# Michigan Trout/Salmon Grand Slam



## hypox (Jan 23, 2000)

A few years ago I realized I was close to catching all the trout and salmon (including hybrids) available to Michigan anglers (to the best of my knowledge anyway). During a wonderful vacation to the Keweenaw a couple weeks ago I was able to seal the deal on the last fish on my list, a splake.

I've caught:

Chinook Salmon
Coho Salmon
Atlantic Salmon
Pink Salmon
Pinook Salmon (chinook & pink hybrid)
Rainbow Trout
Brown Trout
Brook Trout
Tiger Trout (brook & brown hybrid)
Lake Trout
Splake (lake & brook hybrid)

To add to this, I was able to catch all these fish from shore. It wasn't necessarily my intention to do this, but it ended up working out that way. 

Anyway, I was wondering if anyone else has accomplished this feat? Am I missing any from my list that are available in Michigan?

Michigan fishing is amazing!


----------



## pikeslime (Jan 2, 2001)

That’s a pretty cool accomplishment


----------



## PunyTrout (Mar 23, 2007)

hypox said:


> Tiger Trout (brook & brown hybrid)


I caught a 17 inch _Tiger Trout_ about 3 years ago and decided to have it mounted. I'm still waiting for the taxidermists to finish it... 

I don't want to derail this thread with that information but I'd like to hear a bit more about you catching, '_the rarest trout that swims in the Great Lakes_', if you have a tale to tell...


----------



## Forest Meister (Mar 7, 2010)

Does it count if my tiger trout came from a Wisconsin stream within just a few miles of the border? 

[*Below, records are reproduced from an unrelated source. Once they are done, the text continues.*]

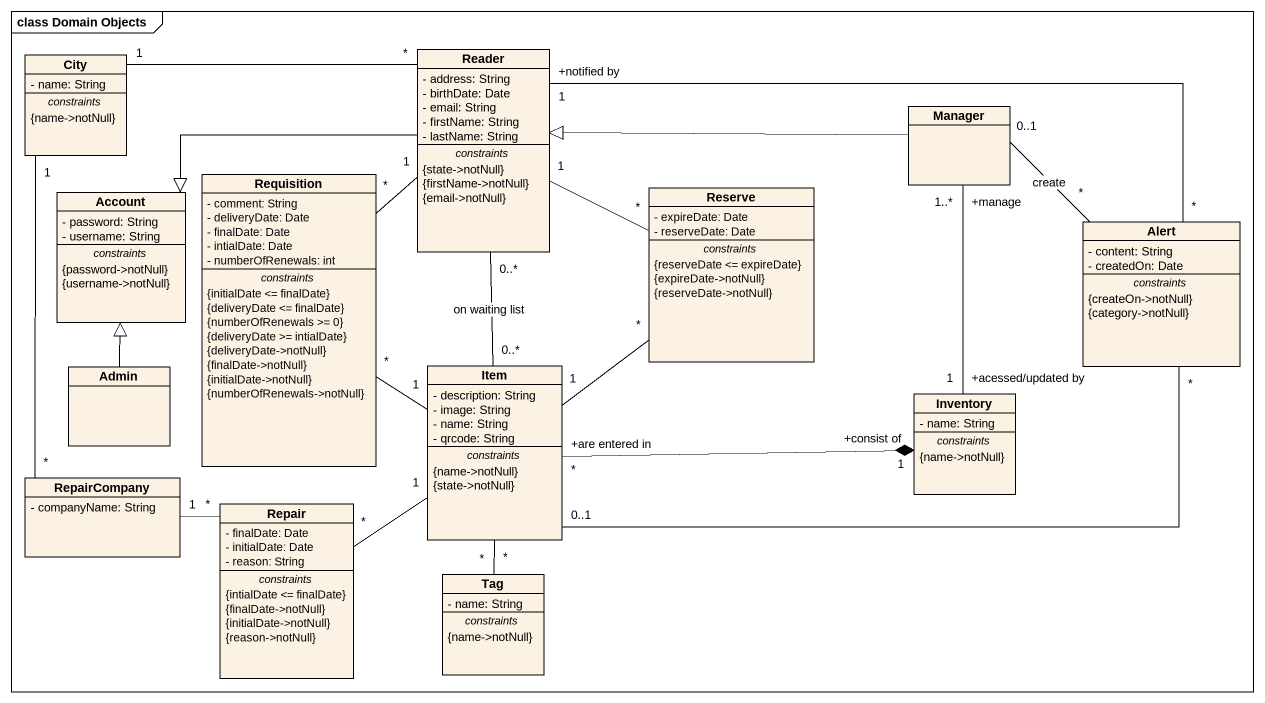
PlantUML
@startuml
mainframe class Domain Objects
hide circle
hide empty members
skinparam classAttributeIconSize 0
class City {
  - name: String
  -- constraints --
  {name->notNull}
}
class Reader {
  - address: String
  - birthDate: Date
  - email: String
  - firstName: String
  - lastName: String
  -- constraints --
  {state->notNull}
  {firstName->notNull}
  {email->notNull}
}
class Manager
class Account {
  - password: String
  - username: String
  -- constraints --
  {password->notNull}
  {username->notNull}
}
class Requisition {
  - comment: String
  - deliveryDate: Date
  - finalDate: Date
  - intialDate: Date
  - numberOfRenewals: int
  -- constraints --
  {initialDate <= finalDate}
  {deliveryDate <= finalDate}
  {numberOfRenewals >= 0}
  {deliveryDate >= intialDate}
  {deliveryDate->notNull}
  {finalDate->notNull}
  {initialDate->notNull}
  {numberOfRenewals->notNull}
}
class Reserve {
  - expireDate: Date
  - reserveDate: Date
  -- constraints --
  {reserveDate <= expireDate}
  {expireDate->notNull}
  {reserveDate->notNull}
}
class Alert {
  - content: String
  - createdOn: Date
  -- constraints --
  {createOn->notNull}
  {category->notNull}
}
class Admin
class Item {
  - description: String
  - image: String
  - name: String
  - qrcode: String
  -- constraints --
  {name->notNull}
  {state->notNull}
}
class Inventory {
  - name: String
  -- constraints --
  {name->notNull}
}
class RepairCompany {
  - companyName: String
}
class Repair {
  - finalDate: Date
  - initialDate: Date
  - reason: String
  -- constraints --
  {intialDate <= finalDate}
  {finalDate->notNull}
  {initialDate->notNull}
  {reason->notNull}
}
class Tag {
  - name: String
  -- constraints --
  {name->notNull}
}
City "1" -- "*" RepairCompany
Reader "*" -left- "1" City
Reader -left-|> Account
Reader "1" -- "*" Requisition
Reader "1" -right- "*" Reserve
Reader "+notified by\n1" -right- "*" Alert
Reader "0..*" -- "0..*" Item : on waiting list
Manager -left-|> Reader
Manager "0..1" -- "*" Alert : create
Manager "+manage\n1..*" -- "+acessed/updated by\n1" Inventory
Requisition "*" -- "1" Item
Reserve "*" -- "1" Item
Admin -up-|> Account
Item "0..1" -right- "*" Alert
Item "+are entered in\n*" -right-* "+consist of\n1" Inventory
Item "1" -- "*" Repair
Item "*" -- "*" Tag
RepairCompany "1" -right- "*" Repair
@enduml
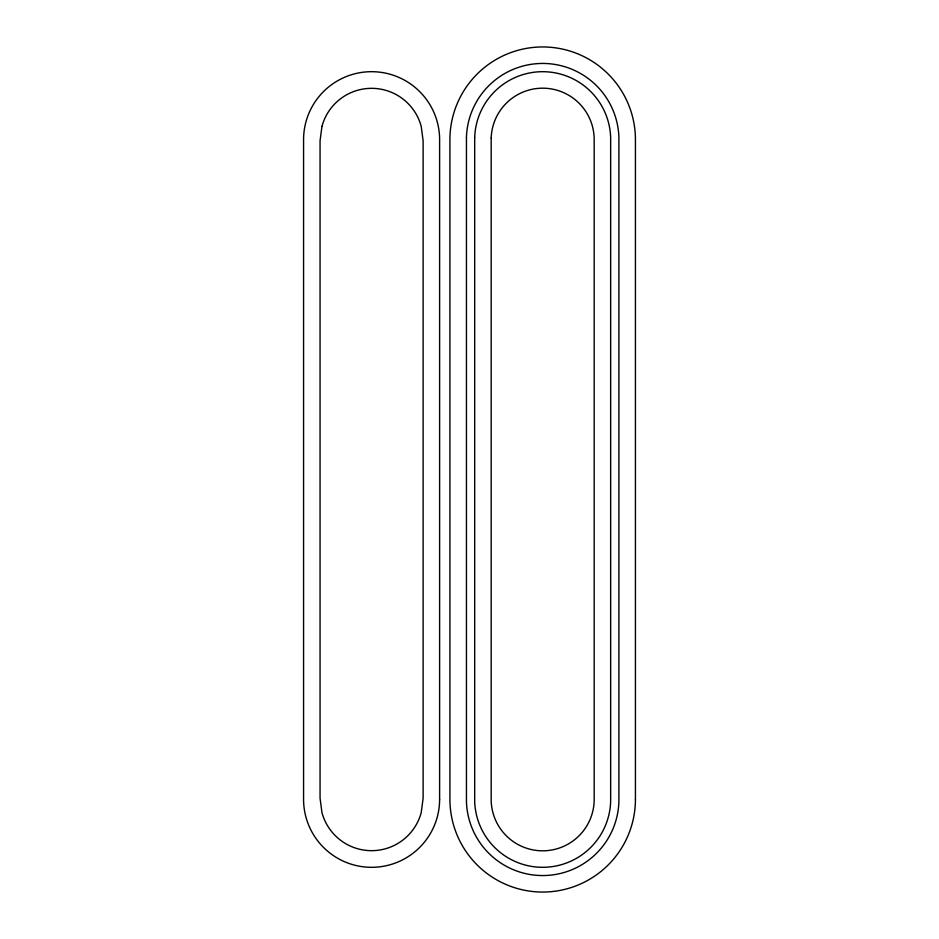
<?xml version="1.0" encoding="UTF-8"?>
<svg xmlns="http://www.w3.org/2000/svg" width="939" height="939" viewBox="0 0 939 939"><rect width="100%" height="100%" fill="white"/><g stroke="black" fill="none" stroke-linecap="round" stroke-linejoin="round"><path stroke-width="1.41" d="M466.448 137.305L466.448 801.695A76.259 76.259 0 0 0 542.672 875.559A76.259 76.259 0 0 0 618.895 801.695L618.895 137.305A76.259 76.259 0 0 0 542.672 63.441A76.259 76.259 0 0 0 466.448 137.305M474.688 137.564L474.688 801.437A68.019 68.019 0 0 0 542.672 867.307A68.019 68.019 0 0 0 610.655 801.437L610.655 137.564A68.019 68.019 0 0 0 542.672 71.693A68.019 68.019 0 0 0 474.688 137.564M491.179 138.092L491.179 800.908A51.528 51.528 0 0 0 542.672 850.816A51.528 51.528 0 0 0 594.176 800.908L594.176 138.092A51.528 51.528 0 0 0 542.672 88.184A51.528 51.528 0 0 0 491.179 138.092M321.96 126.401L320.058 140.791L320.058 798.209L321.96 812.599A51.387 51.387 0 0 0 421.224 812.599L423.125 798.209L423.125 140.791L421.224 126.401A51.387 51.387 0 0 0 321.96 126.401M635.433 799.277L635.433 139.723A92.761 92.761 0 0 0 542.672 46.95A92.761 92.761 0 0 0 449.91 139.723L449.922 799.277A92.761 92.761 0 0 0 542.672 892.05A92.761 92.761 0 0 0 635.433 799.277M439.616 799.3L439.616 139.7A68.019 68.019 0 0 0 371.598 71.681A68.019 68.019 0 0 0 303.567 139.7L303.567 799.3A68.019 68.019 0 0 0 371.598 867.319A68.019 68.019 0 0 0 439.616 799.3"/></g></svg>

Wayyy back in the day kokanee were planted in Higgins Lake, if memory serves me. Not to derail but anybody still around who caught one? I think only planted a very few years in the mid '60s. FM


----------



## PunyTrout (Mar 23, 2007)

Forest Meister said:


> Does it count if my tiger trout came from a Wisconsin stream within just a few miles of the border?


Nope. 

OK I did some poking around to see if Wisconsin has ever planted Tiger Trout and stumbled across a thread from a vaguely familiar looking site... and it had this quote;

"Wisconsin has NO stocking program and ALL tigers caught in Wisconsin streams are "Natural" tigers."

https://www.wisconsinoutdoorsman.com/threads/wisconsin-driftless-area-tiger-trout.1498/

So, FM we'll let it count _this time_. 

Michigan has never planted Tiger Trout either to the best of my knowledge.

But it is a bit weird that the world record Tiger Trout (20 lb 13 oz) was caught in Lake Michigan in _Wisconsin waters_ back in the 1970s. If neither state has ever stocked them, then that leads me to wonder if there have been private plants at some time.

Perhaps the assertion that neither state has had a stocking program in the past is incorrect. Dunno.

http://wrec.igfa.org/WRecordsList.aspx?lc=AllTackle&cn=Trout, tiger


----------



## nighttime (Nov 25, 2007)

Sucks to hear your mount is taking so long. Have you called on it recently?


----------



## PunyTrout (Mar 23, 2007)

nighttime said:


> Sucks to hear your mount is taking so long. Have you called on it recently?


Yeah. 

No comment.


----------



## wyandot (Dec 5, 2013)

Does it count if all my splake came through a hole in the ice?


----------



## nighttime (Nov 25, 2007)

PunyTrout said:


> Yeah.
> 
> No comment.


Might have to use some!!! Jk that sucks man. I guess being nice and persistent is about only thing you can do. If he has started work maybe go pick it up. Good luck bud, post some pictures when it’s done.


----------



## hypox (Jan 23, 2000)

wyandot said:


> Does it count if all my splake came through a hole in the ice?


I would say it does!


----------



## tda513 (Oct 24, 2011)

Tiger Trout were stocked in the Wisconsin waters of Lake Michigan. According to the WI DNR website it says they were stocked from 74-77. They might be referring to inland waters?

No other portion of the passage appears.